:: Task statement ::
Word for word, restate the entries below and exclude every image.

[Records from a data collection]
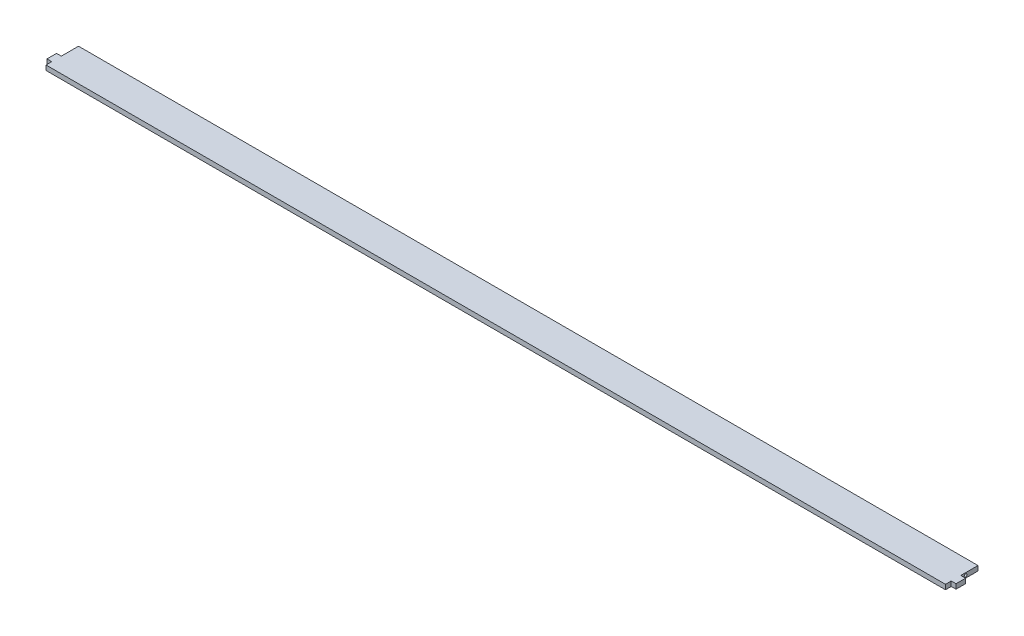
from build123d import *

# Parameters (mm, degrees)
BOSS_EXTRUDE1_DEPTH = 3.175
SKETCH2_R           = 0.889
CUT_EXTRUDE1_DEPTH  = 6.35


with BuildPart() as part:
    # Sketch1 → Boss-Extrude1 (new body)
    with BuildSketch(Plane(origin=(0, 0, 0), x_dir=(1, 0, 0), z_dir=(0, 1, 0))):
        Polygon((-298.45, -6.245695132), (-298.45, -10.055695132), (298.45, -10.055695132), (298.45, -6.245695132), (301.625, -6.245695132), (301.625, 0.104304868), (298.45, 0.104304868), (298.45, 11.534304868), (-298.45, 11.534304868), (-298.45, 0.104304868), (-301.625, 0.104304868), (-301.625, -6.245695132), align=None)
    extrude(amount=BOSS_EXTRUDE1_DEPTH)

    # Sketch2 → Cut-Extrude1 (cut)
    with BuildSketch(Plane.ZY.offset(298.45)):
        with Locations((-3.279304868, 1.5875)):
            Circle(SKETCH2_R)
    cut_extrude1 = extrude(amount=-CUT_EXTRUDE1_DEPTH, mode=Mode.SUBTRACT)

    # Mirror1: Cut-Extrude1 across plane
    add(cut_extrude1.mirror(Plane(origin=(0, 0, 0), x_dir=(0, 0, 1), z_dir=(1, 0, 0))), mode=Mode.SUBTRACT)


solid = part.part

:: Exercise output ::
from build123d import *

# Parameters (mm, degrees)
BOSS_EXTRUDE1_DEPTH = 3.175
SKETCH2_R           = 0.889
CUT_EXTRUDE1_DEPTH  = 6.35


with BuildPart() as part:
    # Sketch1 → Boss-Extrude1 (new body)
    with BuildSketch(Plane(origin=(0, 0, 0), x_dir=(1, 0, 0), z_dir=(0, 1, 0))):
        Polygon((-298.45, -6.245695132), (-298.45, -10.055695132), (298.45, -10.055695132), (298.45, -6.245695132), (301.625, -6.245695132), (301.625, 0.104304868), (298.45, 0.104304868), (298.45, 11.534304868), (-298.45, 11.534304868), (-298.45, 0.104304868), (-301.625, 0.104304868), (-301.625, -6.245695132), align=None)
    extrude(amount=BOSS_EXTRUDE1_DEPTH)

    # Sketch2 → Cut-Extrude1 (cut)
    with BuildSketch(Plane.ZY.offset(298.45)):
        with Locations((-3.279304868, 1.5875)):
            Circle(SKETCH2_R)
    cut_extrude1 = extrude(amount=-CUT_EXTRUDE1_DEPTH, mode=Mode.SUBTRACT)

    # Mirror1: Cut-Extrude1 across plane
    add(cut_extrude1.mirror(Plane(origin=(0, 0, 0), x_dir=(0, 0, 1), z_dir=(1, 0, 0))), mode=Mode.SUBTRACT)


solid = part.part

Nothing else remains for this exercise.